Wizard Vicuna 13B GGML
Property | Value |
---|---|
Author | TheBloke |
License | Other |
Base Model | June Lee's Wizard Vicuna 13B |
Format | GGML (CPU+GPU inference) |
What is wizard-vicuna-13B-GGML?
Wizard Vicuna 13B GGML is a quantized version of June Lee's Wizard Vicuna model, specifically optimized for CPU and GPU inference using llama.cpp. It comes in multiple quantization levels ranging from 2-bit to 8-bit, offering different trade-offs between model size, memory usage, and inference speed.
Implementation Details
The model is available in various quantization formats, including both original llama.cpp methods (q4_0, q4_1, q5_0, q5_1, q8_0) and new k-quant methods (q2_K, q3_K_S, q3_K_M, q3_K_L, q4_K_S, q4_K_M, q5_K_S, q6_K).

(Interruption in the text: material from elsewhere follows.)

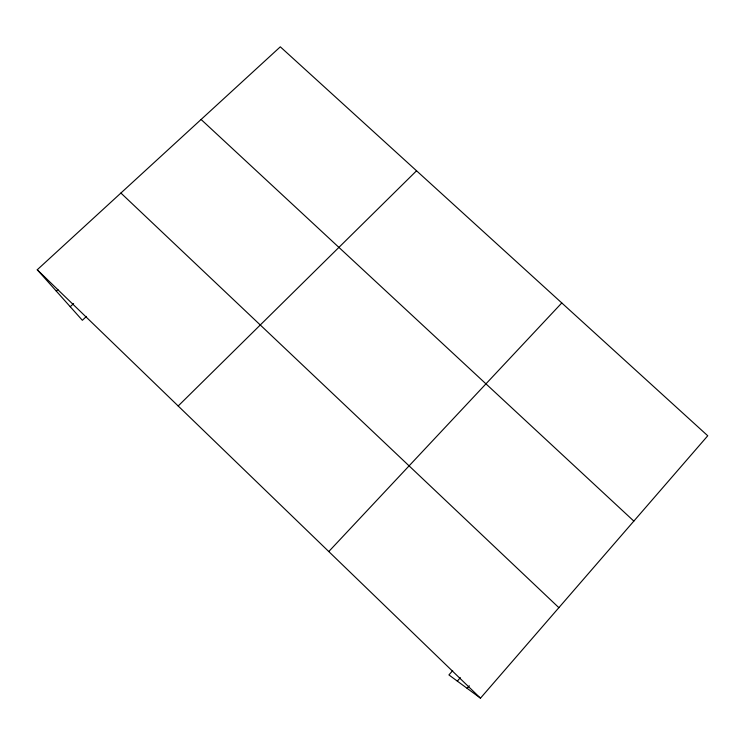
<?xml version="1.0" encoding="UTF-8"?>
<svg xmlns="http://www.w3.org/2000/svg" width="745" height="745" viewBox="0 0 745 745"><rect width="100%" height="100%" fill="white"/><g stroke="black" fill="none" stroke-linecap="round" stroke-linejoin="round"><path stroke-width="1.12" d="M452.681 670.64L448.918 674.923L480.478 698.177L707.75 435.769L280.316 46.823L37.25 269.764L82.36 320.294L86.513 316.383M467.096 688.315L469.322 685.773M457.337 681.126L460.373 677.661M328.778 551.551L561.786 302.945M178.185 405.988L416.548 170.782M70.235 306.716L73.597 303.578M56.275 291.072L57.905 289.554M201.094 119.489L633.846 521.1M120.904 193.039L558.871 607.659M37.25 269.764L480.478 698.177"/></g></svg>

Model sizes range from 5.43GB (q2_K) to 13.83GB (q8_0), with corresponding RAM requirements.
- Supports multiple inference frameworks including text-generation-webui, KoboldCpp, and llama-cpp-python
- Offers GPU layer offloading for reduced RAM usage
- Compatible with latest llama.cpp developments
Core Capabilities
- Efficient CPU+GPU inference with various memory/performance trade-offs
- Multiple quantization options for different use-cases
- Support for context window of 2048 tokens
- Integration with popular inference frameworks
Frequently Asked Questions
Q: What makes this model unique?
This model stands out for its variety of quantization options, allowing users to choose the optimal balance between model size, memory usage, and inference speed for their specific hardware setup.
Q: What are the recommended use cases?
The model is ideal for users who need to run large language models on consumer hardware, particularly those with limited GPU memory or those who prefer CPU inference. The different quantization options make it versatile for various hardware configurations.